GIVEN RECORDS Block Start

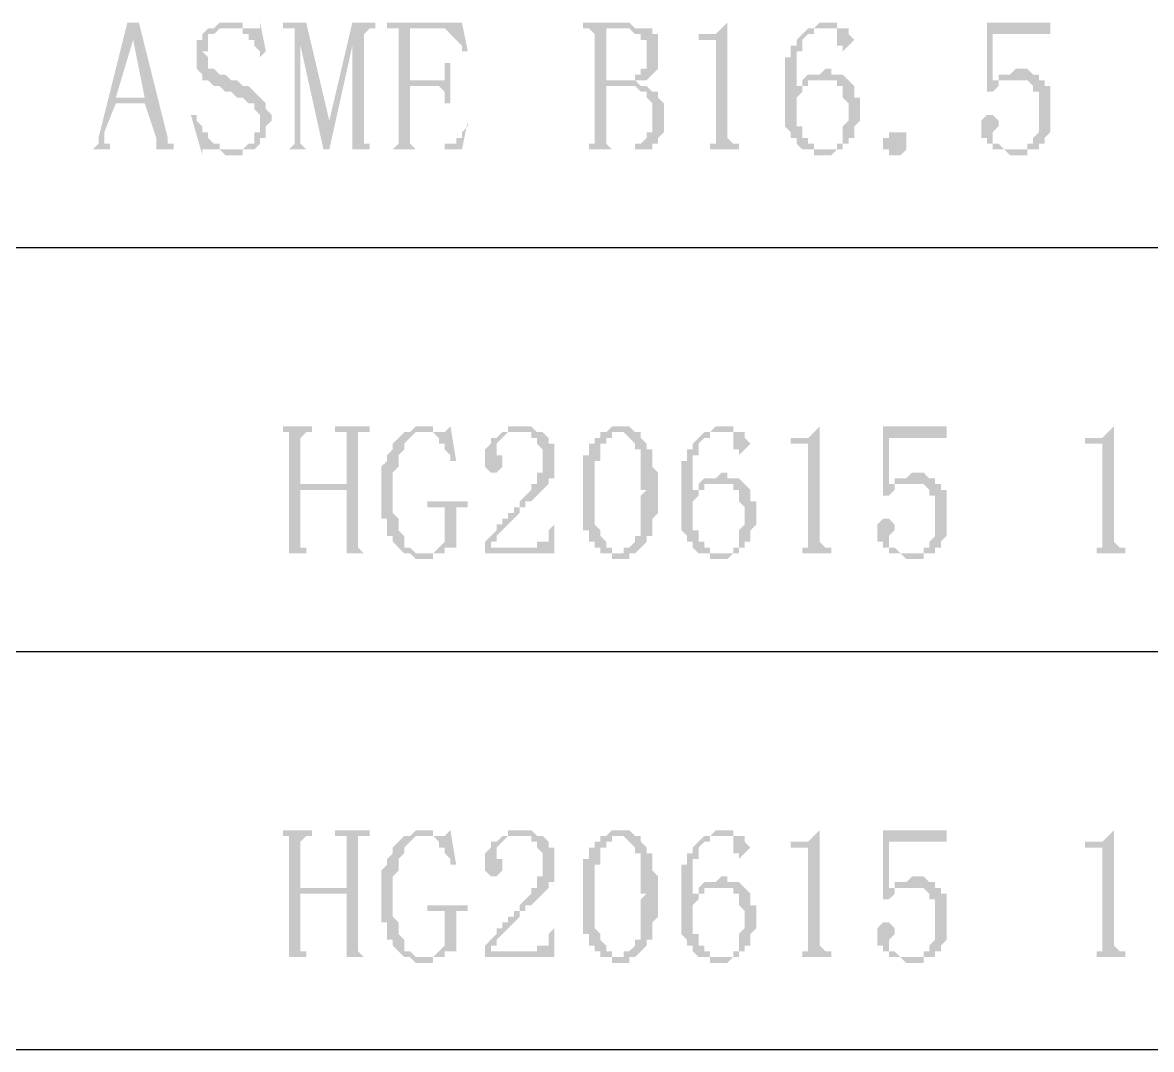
# Model space of a CAD drawing. Extents: x 51 to 246, y 3 to 417.
# Drawn here: x 193.2 to 201.49, y 250.32 to 257.85 of the extents above; entities that cross this region are included whole.
import ezdxf

# ---------------------------------------------------------------- set-up
doc = ezdxf.new("R2010")
doc.units = 0
doc.header["$MEASUREMENT"] = 0
doc.layers.add('_____1', color=160, linetype='Continuous')

msp = doc.modelspace()

# ---------------------------------------------------------------- hatches: boundary and pattern name
at = {"layer": '_____1'}
for points in [[(193.9713, 257.852), (193.7597, 257.0053), (193.7597, 256.963), (193.7174, 256.9206), (193.675, 256.9206), (193.8865, 256.9206), (193.8445, 256.9206), (193.8445, 256.963), (193.8021, 256.963), (193.8021, 257.0477), (193.8865, 257.2594), (194.0984, 257.2594), (193.8865, 257.3016), (194.0137, 257.725)], [(194.056, 257.852), (193.9713, 257.852), (194.0137, 257.725), (194.0984, 257.3016), (193.8865, 257.3016), (194.0984, 257.2594), (194.1832, 257.0053), (194.1832, 256.9206), (194.0984, 256.9206), (194.3523, 256.9206), (194.3099, 256.9206), (194.3099, 256.963), (194.2676, 256.963), (194.2676, 257.0053)], [(194.7333, 257.852), (194.6486, 257.852), (194.6062, 257.8096), (194.5638, 257.8096), (194.5218, 257.7674), (194.5218, 257.725), (194.4794, 257.725), (194.4794, 257.5133), (194.5218, 257.4709), (194.5218, 257.4286), (194.5638, 257.4286), (194.6062, 257.3864), (194.6486, 257.3864), (194.691, 257.344), (194.7333, 257.344), (194.7757, 257.3016), (194.8181, 257.3016), (194.8605, 257.2594), (194.9028, 257.2594), (194.9028, 257.217), (194.9449, 257.1747), (194.9449, 257.0477), (194.9028, 257.0477), (194.9028, 256.963), (194.8605, 256.963), (194.8181, 256.9206), (194.6062, 256.9206), (194.6486, 256.9206), (194.691, 256.8784), (194.8181, 256.8784), (194.8181, 256.9206), (194.9028, 256.9206), (194.9449, 256.963), (194.9449, 257.0053), (194.9872, 257.0053), (194.9872, 257.0899), (195.0296, 257.1323), (195.0296, 257.1747), (194.9872, 257.217), (194.9872, 257.2594), (194.8605, 257.3864), (194.8181, 257.3864), (194.7757, 257.4286), (194.7333, 257.4286), (194.691, 257.4709), (194.6486, 257.4709), (194.6062, 257.5133), (194.5638, 257.5133), (194.5638, 257.5981), (194.5218, 257.6403), (194.5638, 257.6403), (194.5638, 257.7674), (194.6062, 257.7674), (194.6486, 257.8096), (194.8605, 257.8096), (194.8181, 257.8096), (194.8181, 257.852), (194.7757, 257.852)], [(194.8605, 257.8096), (194.7333, 257.8096), (194.9028, 257.8096)], [(194.9449, 257.852), (194.9449, 257.8096), (194.7757, 257.8096), (194.8181, 257.8096), (194.8181, 257.7674), (194.8605, 257.7674), (194.8605, 257.725), (194.9028, 257.725), (194.9028, 257.6826), (194.9449, 257.6403), (194.9449, 257.5981), (194.9872, 257.6403)], [(195.2835, 257.852), (195.1144, 257.852), (195.1144, 257.8096), (195.1991, 257.8096), (195.1991, 257.7674), (195.2415, 257.6826), (195.4106, 256.9206), (195.453, 257.1323)], [(195.7917, 257.852), (195.6222, 257.852), (195.453, 257.1323), (195.4106, 256.9206), (195.453, 256.9206), (195.6222, 257.6826), (195.7069, 257.7674), (195.7493, 257.8096), (195.7917, 257.8096)], [(196.4266, 257.852), (195.8764, 257.852), (195.8764, 257.8096), (196.2998, 257.8096), (196.3418, 257.7674), (196.3842, 257.725), (196.4266, 257.6826), (196.4266, 257.6403), (196.469, 257.6403)], [(195.9188, 257.8096), (195.9612, 257.8096), (195.9612, 256.963), (195.9188, 256.9206), (196.0879, 256.9206), (196.0456, 256.963), (196.0456, 257.3864), (196.2151, 257.3864), (196.0456, 257.4286), (196.0456, 257.8096), (196.2574, 257.8096)], [(197.6121, 257.852), (197.3158, 257.852), (197.3158, 257.8096), (197.6544, 257.8096), (197.6968, 257.7674), (197.7388, 257.7674), (197.7388, 257.725), (197.7812, 257.725), (197.7812, 257.5133), (197.7388, 257.5133), (197.7388, 257.4709), (197.6968, 257.4709), (197.6968, 257.4286), (197.4849, 257.4286), (197.7812, 257.4286), (197.866, 257.5133), (197.866, 257.7674), (197.8236, 257.7674), (197.8236, 257.8096), (197.6968, 257.8096), (197.6544, 257.852)], [(197.3158, 257.8096), (197.3582, 257.8096), (197.4002, 257.7674), (197.4002, 256.963), (197.3582, 256.963), (197.3582, 256.9206), (197.5273, 256.9206), (197.4849, 256.963), (197.4849, 257.3864), (197.7388, 257.3864), (197.6968, 257.4286), (197.4849, 257.4286), (197.4849, 257.8096), (197.5697, 257.8096)], [(198.3741, 257.852), (198.3317, 257.8096), (198.2894, 257.7674), (198.1622, 257.7674), (198.1622, 257.725), (198.2894, 257.725), (198.2894, 256.963), (198.247, 256.963), (198.247, 256.9206), (198.1622, 256.9206), (198.5433, 256.9206), (198.4585, 256.9206), (198.4585, 256.963), (198.4165, 256.963), (198.3741, 257.0053)], [(199.2206, 257.8096), (199.0938, 257.8096), (199.1782, 257.8096), (199.1782, 257.6826), (199.2206, 257.6826), (199.2206, 257.6403), (199.3053, 257.725), (199.2629, 257.7674), (199.2629, 257.8096)], [(200.7447, 257.852), (200.2789, 257.852), (200.2789, 257.344), (200.3213, 257.344), (200.3637, 257.3864), (200.3213, 257.3864), (200.3213, 257.7674), (200.7447, 257.7674)], [(195.1991, 257.7674), (195.1991, 256.963), (195.1567, 256.9206), (195.1144, 256.9206), (195.2835, 256.9206), (195.2415, 256.963), (195.2415, 257.6826)], [(195.7069, 257.7674), (195.6222, 257.6826), (195.6222, 256.9206), (195.5801, 256.9206), (195.7917, 256.9206), (195.7493, 256.9206), (195.7493, 256.963), (195.7069, 256.963)], [(196.3418, 257.5557), (196.2998, 257.5557), (196.2998, 257.4286), (196.0456, 257.4286), (196.2151, 257.3864), (196.2574, 257.3864), (196.2998, 257.344), (196.2998, 257.2594), (196.3418, 257.2594)], [(199.0938, 257.5133), (199.0514, 257.4709), (198.9667, 257.4709), (198.9243, 257.4286), (199.1782, 257.4286), (199.1782, 257.3864), (199.2206, 257.3864), (199.2206, 257.3016), (199.2629, 257.2594), (199.2629, 257.1323), (199.2206, 257.0899), (199.2206, 256.963), (199.1782, 256.963), (199.1782, 256.9206), (198.9243, 256.9206), (199.009, 256.9206), (199.009, 256.8784), (199.1362, 256.8784), (199.1782, 256.9206), (199.2206, 256.9206), (199.2206, 256.963), (199.2629, 256.963), (199.2629, 257.0053), (199.3053, 257.0053), (199.3053, 257.0899), (199.3477, 257.1323), (199.3477, 257.3016), (199.3053, 257.3016), (199.3053, 257.3864), (199.2629, 257.4286), (199.2206, 257.4709), (199.1362, 257.4709), (199.1362, 257.5133)], [(200.3637, 257.4709), (200.3637, 257.4286), (200.3213, 257.4286), (200.3213, 257.3864), (200.3637, 257.3864), (200.3637, 257.4286), (200.4908, 257.4286)], [(200.5332, 257.5133), (200.4908, 257.5133), (200.4484, 257.4709), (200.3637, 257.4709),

GIVEN RECORDS Block End

- **TASK GOAL**: After removing the pictures, set down every record above exactly as it stands.

- **REPLY**:
# Model space of a CAD drawing. Extents: x 51 to 246, y 3 to 417.
# Drawn here: x 193.2 to 201.49, y 250.32 to 257.85 of the extents above; entities that cross this region are included whole.
import ezdxf

# ---------------------------------------------------------------- set-up
doc = ezdxf.new("R2010")
doc.units = 0
doc.header["$MEASUREMENT"] = 0
doc.layers.add('_____1', color=160, linetype='Continuous')

msp = doc.modelspace()

# ---------------------------------------------------------------- hatches: boundary and pattern name
at = {"layer": '_____1'}
for points in [[(193.9713, 257.852), (193.7597, 257.0053), (193.7597, 256.963), (193.7174, 256.9206), (193.675, 256.9206), (193.8865, 256.9206), (193.8445, 256.9206), (193.8445, 256.963), (193.8021, 256.963), (193.8021, 257.0477), (193.8865, 257.2594), (194.0984, 257.2594), (193.8865, 257.3016), (194.0137, 257.725)], [(194.056, 257.852), (193.9713, 257.852), (194.0137, 257.725), (194.0984, 257.3016), (193.8865, 257.3016), (194.0984, 257.2594), (194.1832, 257.0053), (194.1832, 256.9206), (194.0984, 256.9206), (194.3523, 256.9206), (194.3099, 256.9206), (194.3099, 256.963), (194.2676, 256.963), (194.2676, 257.0053)], [(194.7333, 257.852), (194.6486, 257.852), (194.6062, 257.8096), (194.5638, 257.8096), (194.5218, 257.7674), (194.5218, 257.725), (194.4794, 257.725), (194.4794, 257.5133), (194.5218, 257.4709), (194.5218, 257.4286), (194.5638, 257.4286), (194.6062, 257.3864), (194.6486, 257.3864), (194.691, 257.344), (194.7333, 257.344), (194.7757, 257.3016), (194.8181, 257.3016), (194.8605, 257.2594), (194.9028, 257.2594), (194.9028, 257.217), (194.9449, 257.1747), (194.9449, 257.0477), (194.9028, 257.0477), (194.9028, 256.963), (194.8605, 256.963), (194.8181, 256.9206), (194.6062, 256.9206), (194.6486, 256.9206), (194.691, 256.8784), (194.8181, 256.8784), (194.8181, 256.9206), (194.9028, 256.9206), (194.9449, 256.963), (194.9449, 257.0053), (194.9872, 257.0053), (194.9872, 257.0899), (195.0296, 257.1323), (195.0296, 257.1747), (194.9872, 257.217), (194.9872, 257.2594), (194.8605, 257.3864), (194.8181, 257.3864), (194.7757, 257.4286), (194.7333, 257.4286), (194.691, 257.4709), (194.6486, 257.4709), (194.6062, 257.5133), (194.5638, 257.5133), (194.5638, 257.5981), (194.5218, 257.6403), (194.5638, 257.6403), (194.5638, 257.7674), (194.6062, 257.7674), (194.6486, 257.8096), (194.8605, 257.8096), (194.8181, 257.8096), (194.8181, 257.852), (194.7757, 257.852)], [(194.8605, 257.8096), (194.7333, 257.8096), (194.9028, 257.8096)], [(194.9449, 257.852), (194.9449, 257.8096), (194.7757, 257.8096), (194.8181, 257.8096), (194.8181, 257.7674), (194.8605, 257.7674), (194.8605, 257.725), (194.9028, 257.725), (194.9028, 257.6826), (194.9449, 257.6403), (194.9449, 257.5981), (194.9872, 257.6403)], [(195.2835, 257.852), (195.1144, 257.852), (195.1144, 257.8096), (195.1991, 257.8096), (195.1991, 257.7674), (195.2415, 257.6826), (195.4106, 256.9206), (195.453, 257.1323)], [(195.7917, 257.852), (195.6222, 257.852), (195.453, 257.1323), (195.4106, 256.9206), (195.453, 256.9206), (195.6222, 257.6826), (195.7069, 257.7674), (195.7493, 257.8096), (195.7917, 257.8096)], [(196.4266, 257.852), (195.8764, 257.852), (195.8764, 257.8096), (196.2998, 257.8096), (196.3418, 257.7674), (196.3842, 257.725), (196.4266, 257.6826), (196.4266, 257.6403), (196.469, 257.6403)], [(195.9188, 257.8096), (195.9612, 257.8096), (195.9612, 256.963), (195.9188, 256.9206), (196.0879, 256.9206), (196.0456, 256.963), (196.0456, 257.3864), (196.2151, 257.3864), (196.0456, 257.4286), (196.0456, 257.8096), (196.2574, 257.8096)], [(197.6121, 257.852), (197.3158, 257.852), (197.3158, 257.8096), (197.6544, 257.8096), (197.6968, 257.7674), (197.7388, 257.7674), (197.7388, 257.725), (197.7812, 257.725), (197.7812, 257.5133), (197.7388, 257.5133), (197.7388, 257.4709), (197.6968, 257.4709), (197.6968, 257.4286), (197.4849, 257.4286), (197.7812, 257.4286), (197.866, 257.5133), (197.866, 257.7674), (197.8236, 257.7674), (197.8236, 257.8096), (197.6968, 257.8096), (197.6544, 257.852)], [(197.3158, 257.8096), (197.3582, 257.8096), (197.4002, 257.7674), (197.4002, 256.963), (197.3582, 256.963), (197.3582, 256.9206), (197.5273, 256.9206), (197.4849, 256.963), (197.4849, 257.3864), (197.7388, 257.3864), (197.6968, 257.4286), (197.4849, 257.4286), (197.4849, 257.8096), (197.5697, 257.8096)], [(198.3741, 257.852), (198.3317, 257.8096), (198.2894, 257.7674), (198.1622, 257.7674), (198.1622, 257.725), (198.2894, 257.725), (198.2894, 256.963), (198.247, 256.963), (198.247, 256.9206), (198.1622, 256.9206), (198.5433, 256.9206), (198.4585, 256.9206), (198.4585, 256.963), (198.4165, 256.963), (198.3741, 257.0053)], [(199.2206, 257.8096), (199.0938, 257.8096), (199.1782, 257.8096), (199.1782, 257.6826), (199.2206, 257.6826), (199.2206, 257.6403), (199.3053, 257.725), (199.2629, 257.7674), (199.2629, 257.8096)], [(200.7447, 257.852), (200.2789, 257.852), (200.2789, 257.344), (200.3213, 257.344), (200.3637, 257.3864), (200.3213, 257.3864), (200.3213, 257.7674), (200.7447, 257.7674)], [(195.1991, 257.7674), (195.1991, 256.963), (195.1567, 256.9206), (195.1144, 256.9206), (195.2835, 256.9206), (195.2415, 256.963), (195.2415, 257.6826)], [(195.7069, 257.7674), (195.6222, 257.6826), (195.6222, 256.9206), (195.5801, 256.9206), (195.7917, 256.9206), (195.7493, 256.9206), (195.7493, 256.963), (195.7069, 256.963)], [(196.3418, 257.5557), (196.2998, 257.5557), (196.2998, 257.4286), (196.0456, 257.4286), (196.2151, 257.3864), (196.2574, 257.3864), (196.2998, 257.344), (196.2998, 257.2594), (196.3418, 257.2594)], [(199.0938, 257.5133), (199.0514, 257.4709), (198.9667, 257.4709), (198.9243, 257.4286), (199.1782, 257.4286), (199.1782, 257.3864), (199.2206, 257.3864), (199.2206, 257.3016), (199.2629, 257.2594), (199.2629, 257.1323), (199.2206, 257.0899), (199.2206, 256.963), (199.1782, 256.963), (199.1782, 256.9206), (198.9243, 256.9206), (199.009, 256.9206), (199.009, 256.8784), (199.1362, 256.8784), (199.1782, 256.9206), (199.2206, 256.9206), (199.2206, 256.963), (199.2629, 256.963), (199.2629, 257.0053), (199.3053, 257.0053), (199.3053, 257.0899), (199.3477, 257.1323), (199.3477, 257.3016), (199.3053, 257.3016), (199.3053, 257.3864), (199.2629, 257.4286), (199.2206, 257.4709), (199.1362, 257.4709), (199.1362, 257.5133)], [(200.3637, 257.4709), (200.3637, 257.4286), (200.3213, 257.4286), (200.3213, 257.3864), (200.3637, 257.3864), (200.3637, 257.4286), (200.4908, 257.4286)], [(200.5332, 257.5133), (200.4908, 257.5133), (200.4484, 257.4709), (200.3637, 257.4709),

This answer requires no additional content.